Our little fur baby has turned into a lady today. Yes Cara's season has finally arrived xx


----------



## MillieDog (Jun 1, 2011)

Oh grown up girlie  Are you going to breed from her eventually.?


----------



## Kirsty (Sep 9, 2011)

No, she's getting spayed later on this year then her little sister will come and join us xx


----------



## DB1 (Jan 20, 2012)

Ah bless her, good job you don't live near me, Dudley is showing a lot of interest in the ladies for one so young!!


----------



## Kirsty (Sep 9, 2011)

It's our poo meet this weekend and she can't go now, that also means no pub for her tomorrow night either - she likes to see murphy the black lab so that's a no too xx


----------



## JoJo (Mar 2, 2011)

Thats it she growing up now ... ahhhhh

A little sister for Cara .. how cute .... what colour will you go for next?


----------



## Dextersmum (Feb 9, 2012)

Awww,big hugs young lady xx


----------



## Kirsty (Sep 9, 2011)

JoJo said:


> Thats it she growing up now ... ahhhhh
> 
> A little sister for Cara .. how cute .... what colour will you go for next?
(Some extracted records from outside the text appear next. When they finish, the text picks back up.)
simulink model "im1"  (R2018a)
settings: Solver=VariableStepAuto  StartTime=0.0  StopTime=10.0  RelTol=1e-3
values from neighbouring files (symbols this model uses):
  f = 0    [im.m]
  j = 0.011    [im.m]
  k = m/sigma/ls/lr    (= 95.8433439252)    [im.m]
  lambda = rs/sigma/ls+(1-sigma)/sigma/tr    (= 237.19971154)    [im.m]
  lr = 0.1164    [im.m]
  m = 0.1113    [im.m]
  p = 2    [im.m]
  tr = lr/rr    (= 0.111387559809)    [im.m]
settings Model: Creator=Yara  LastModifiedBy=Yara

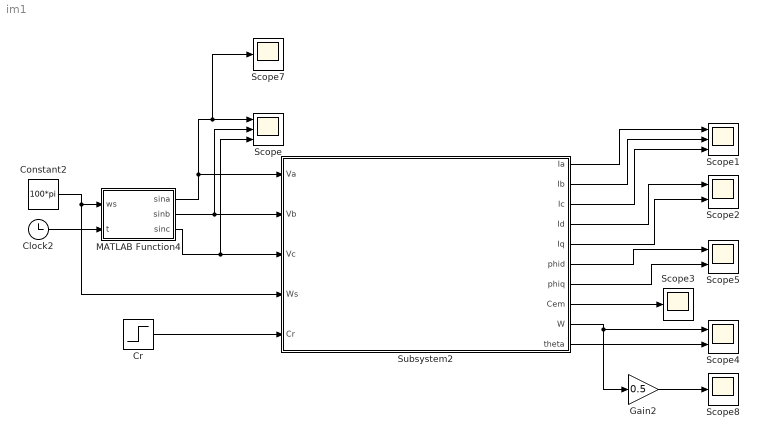
== system im1 ==
  Clock2 : Clock
  Constant2 : Constant  Value=100*pi
  Cr : Step  After=5  SampleTime=0
  Gain2 : Gain  Gain=0.5
  MATLAB Function4 : MATLAB Function  TreatAsAtomicUnit=on
  Scope : Scope  NumInputPorts=3
  Scope1 : Scope  NumInputPorts=3
  Scope2 : Scope  NumInputPorts=2
  Scope3 : Scope
  Scope4 : Scope  NumInputPorts=2
  Scope5 : Scope  NumInputPorts=2
  Scope7 : Scope
  Scope8 : Scope
  Subsystem2 : Subsystem
  wires:
  Subsystem2/5(Iq) -> Scope2/2
  Subsystem2/2(Ib) -> Scope1/2
  Cr/1 -> Subsystem2/5(Cr)
  Subsystem2/8(Cem) -> Scope3/1
  Subsystem2/9(W) -> Scope4/1, Gain2/1
  Subsystem2/7(phiq) -> Scope5/2
  Subsystem2/4(Id) -> Scope2/1
  Subsystem2/6(phid) -> Scope5/1
  Gain2/1 -> Scope8/1
  Subsystem2/1(Ia) -> Scope1/1
  Subsystem2/3(Ic) -> Scope1/3
  Subsystem2/10(theta) -> Scope4/2
  MATLAB Function4/1(sina) -> Subsystem2/1(Va), Scope7/1, Scope/1
  Clock2/1 -> MATLAB Function4/2(t)
  MATLAB Function4/3(sinc) -> Subsystem2/3(Vc), Scope/3
  Constant2/1 -> Subsystem2/4(Ws), MATLAB Function4/1(ws)
  MATLAB Function4/2(sinb) -> Subsystem2/2(Vb), Scope/2

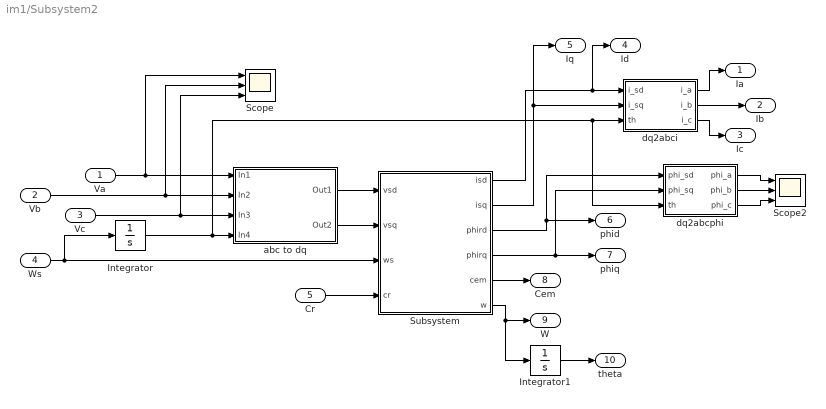
== system im1/Subsystem2 ==
  Va : Inport
  Vb : Inport  Port=2
  Vc : Inport  Port=3
  Ws : Inport  Port=4
  Cr : Inport  Port=5
  Integrator : Integrator
  Integrator1 : Integrator
  Scope : Scope  NumInputPorts=3
  Scope2 : Scope  NumInputPorts=3
  Subsystem : Subsystem
  abc to dq : Subsystem
  dq2abci : MATLAB Function  TreatAsAtomicUnit=on
  dq2abcphi : MATLAB Function  TreatAsAtomicUnit=on
  Ia : Outport
  Ib : Outport  Port=2
  Ic : Outport  Port=3
  Id : Outport  Port=4
  Iq : Outport  Port=5
  phid : Outport  Port=6
  phiq : Outport  Port=7
  Cem : Outport  Port=8
  W : Outport  Port=9
  theta : Outport  Port=10
  wires:
  Vc/1 -> Scope/3, abc to dq/3(In3)
  Subsystem/2(isq) -> Iq/1, dq2abci/2(i_sq)
  dq2abcphi/3(phi_c) -> Scope2/3
  Va/1 -> Scope/1, abc to dq/1(In1)
  dq2abci/2(i_b) -> Ib/1
  Subsystem/6(w) -> Integrator1/1, W/1
  Cr/1 -> Subsystem/4(cr)
  abc to dq/2(Out2) -> Subsystem/2("vsq ")
  Subsystem/4(phirq) -> dq2abcphi/2(phi_sq), phiq/1
  dq2abcphi/2(phi_b) -> Scope2/2
  dq2abcphi/1(phi_a) -> Scope2/1
  dq2abci/1(i_a) -> Ia/1
  dq2abci/3(i_c) -> Ic/1
  Subsystem/1(isd) -> Id/1, dq2abci/1(i_sd)
  Vb/1 -> Scope/2, abc to dq/2(In2)
  Subsystem/3(phird) -> phid/1, dq2abcphi/1(phi_sd)
  abc to dq/1(Out1) -> Subsystem/1(vsd)
  Ws/1 -> Integrator/1, Subsystem/3(ws)
  Integrator1/1 -> theta/1
  Subsystem/5(cem) -> Cem/1
  Integrator/1 -> dq2abcphi/3(th), dq2abci/3(th), abc to dq/4(In4)

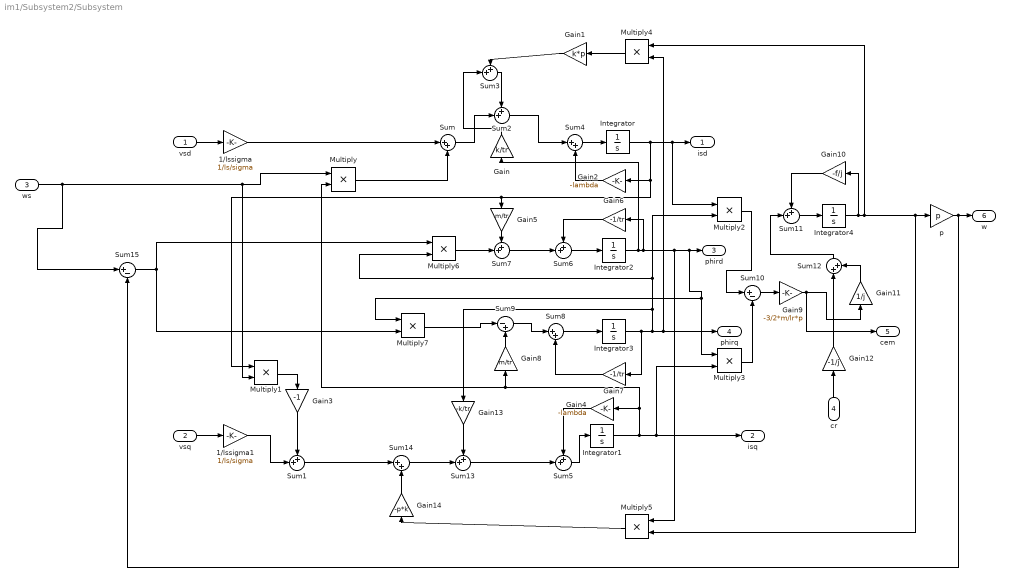
== system im1/Subsystem2/Subsystem ==
  vsd : Inport
  "vsq " : Inport  Port=2
  ws : Inport  Port=3
  cr : Inport  Port=4
  1/lssigma : Gain  Gain=1/ls/sigma
  1/lssigma1 : Gain  Gain=1/ls/sigma
  Gain : Gain  Gain=k/tr
  Gain1 : Gain  Gain=k*p
  Gain10 : Gain  Gain=-f/j
  Gain11 : Gain  Gain=1/j
  Gain12 : Gain  Gain=-1/j
  Gain13 : Gain  Gain=-k/tr
  Gain14 : Gain  Gain=-p*k
  Gain2 : Gain  Gain=-lambda
  Gain3 : Gain  Gain=-1
  Gain4 : Gain  Gain=-lambda
  Gain5 : Gain  Gain=m/tr
  Gain6 : Gain  Gain=-1/tr
  Gain7 : Gain  Gain=-1/tr
  Gain8 : Gain  Gain=m/tr
  Gain9 : Gain  Gain=-3/2*m/lr*p
  Integrator{,1..4} (5 alike) : Integrator
  Multiply{,1..7} (8 alike) : Product
  Sum{,4,8,12,14} (5 alike) : Sum  Inputs=|++
  Sum{1..3,5..7,11,13} (8 alike) : Sum  Inputs=++|
  Sum10 : Sum  Inputs=|+-
  Sum15 : Sum  Inputs=|+-
  Sum9 : Sum  Inputs=|-+
  p : Gain  Gain=p
  isd : Outport
  isq : Outport  Port=2
  phird : Outport  Port=3
  phirq : Outport  Port=4
  cem : Outport  Port=5
  w : Outport  Port=6
  wires:
  vsd/1 -> 1/lssigma/1
  "vsq "/1 -> 1/lssigma1/1
  Sum5/1 -> Integrator1/1
  1/lssigma/1 -> Sum/1
  ws/1 -> Multiply/1, Multiply1/2, Sum15/1
  Multiply/1 -> Sum/2
  1/lssigma1/1 -> Sum1/2
  Sum4/1 -> Integrator/1
  Multiply1/1 -> Gain3/1
  Sum/1 -> Sum2/2
  Gain/1 -> Sum3/2
  Sum3/1 -> Sum2/1
  Gain1/1 -> Sum3/1
  Sum2/1 -> Sum4/1
  Integrator/1 -> Gain2/1, Gain5/1, Multiply1/1, Multiply2/1, isd/1
  Gain2/1 -> Sum4/2
  Gain3/1 -> Sum1/1
  Integrator1/1 -> Gain8/1, Multiply/2, Gain4/1, Multiply3/2, isq/1
  Sum13/1 -> Sum5/2
  Gain4/1 -> Sum5/1
  Sum6/1 -> Integrator2/1
  Gain6/1 -> Sum6/1
  Sum7/1 -> Sum6/2
  Gain5/1 -> Sum7/1
  Sum8/1 -> Integrator3/1
  Gain7/1 -> Sum8/2
  Gain8/1 -> Sum9/2
  Sum9/1 -> Sum8/1
  Multiply2/1 -> Sum10/1
  Multiply3/1 -> Sum10/2
  Sum10/1 -> Gain9/1
  Gain9/1 -> Gain11/1, cem/1
  Sum11/1 -> Integrator4/1
  Gain10/1 -> Sum11/1
  Gain11/1 -> Sum12/2
  Sum12/1 -> Sum11/2
  cr/1 -> Gain12/1
  Gain12/1 -> Sum12/1
  Multiply4/1 -> Gain1/1
  Integrator3/1 -> Gain7/1, Gain13/1, Multiply6/2, Multiply2/2, Multiply4/2, phirq/1
  Gain13/1 -> Sum13/1
  Sum14/1 -> Sum13/2
  Sum1/1 -> Sum14/1
  Gain14/1 -> Sum14/2
  Multiply5/1 -> Gain14/1
  Integrator2/1 -> Multiply5/1, Multiply7/1, Multiply3/1, phird/1, Gain6/1, Gain/1
  Integrator4/1 -> Gain10/1, Multiply4/1, Multiply5/2, p/1
  p/1 -> Sum15/2, w/1
  Sum15/1 -> Multiply7/2, Multiply6/1
  Multiply6/1 -> Sum7/2
  Multiply7/1 -> Sum9/1

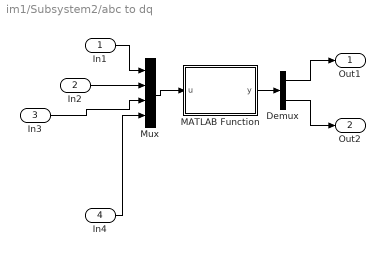
== system im1/Subsystem2/abc to dq ==
  In1 : Inport
  In2 : Inport  Port=2
  In3 : Inport  Port=3
  In4 : Inport  Port=4
  Demux : Demux  Outputs=2
  MATLAB Function : MATLAB Function  TreatAsAtomicUnit=on
  Mux : Mux
  Out1 : Outport
  Out2 : Outport  Port=2
  wires:
  Demux/1 -> Out1/1
  Demux/2 -> Out2/1
  In1/1 -> Mux/1
  In2/1 -> Mux/2
  In3/1 -> Mux/3
  Mux/1 -> MATLAB Function/1(u)
  MATLAB Function/1(y) -> Demux/1
  In4/1 -> Mux/4

== matlab function im1/MATLAB Function4 ==
  data: ws input; sina output; t input; sinb output; sinc output
function [sina,sinb,sinc] = fcn(ws,t)
ph=0.9
A=10.2889;
if(t>=1)
%ws=(5/A+ws/2)*2;
end
V_s=311

sina=V_s*sin(ws*t)
sinb=V_s*sin(ws*t-2*pi/3)
sinc=V_s*sin(ws*t-4*pi/3)
end

== matlab function im1/Subsystem2/dq2abci ==
  data: i_sd input; i_a output; i_sq input; th input; i_b output; i_c output
function [i_a,i_b,i_c] = fcn1(i_sd,i_sq,th)
if isempty(th)
    th=0
end
i_a=sqrt(2/3)*(i_sd*cos(th)-i_sq*sin(th))
i_b=sqrt(2/3)*(i_sd*cos(th-2*pi/3)-i_sq*sin(th-2*pi/3))
i_c=sqrt(2/3)*(i_sd*cos(th-4*pi/3)-i_sq*sin(th-4*pi/3))
end

== matlab function im1/Subsystem2/dq2abcphi ==
  data: phi_sd input; phi_a output; phi_sq input; th input; phi_b output; phi_c output
function [phi_a,phi_b,phi_c] = fcn1(phi_sd,phi_sq,th)

if isempty(th)
    th=0
end


phi_a=sqrt(2/3)*(phi_sd*cos(th)-phi_sq*sin(th))
phi_b=sqrt(2/3)*(phi_sd*cos(th-2*pi/3)-phi_sq*sin(th-2*pi/3))
phi_c=sqrt(2/3)*(phi_sd*cos(th-4*pi/3)-phi_sq*sin(th-4*pi/3))
end

== matlab function im1/Subsystem2/abc to dq/MATLAB Function ==
  data: u input; y output
function y = fcn(u)
th=u(4);
if isempty(th)
    th=0;
end
y=zeros(2,1);
y(1)=sqrt(3/2)*(u(1)*cos(th) +u(2)*cos(th -2*pi/3) +u(3)*cos(th -4*pi/3));
y(2)=sqrt(3/2)*(-u(1)*sin(th) -u(2)*sin(th -2*pi/3) -u(3)*sin(th -4*pi/3));

end

Would love a roan but trying to be open. Cara picked Derek so let's see who picks one of us next xx


----------



## caradunne (Nov 29, 2010)

Kirsty said:


> Our little fur baby has turned into a lady today. Yes Cara's season has finally arrived xx


Izzy didn't have her first season until she was 22 months old - I had just given up expecting it to happen.


----------



## Kirsty (Sep 9, 2011)

At least I got my snuggles from Murphy xx


----------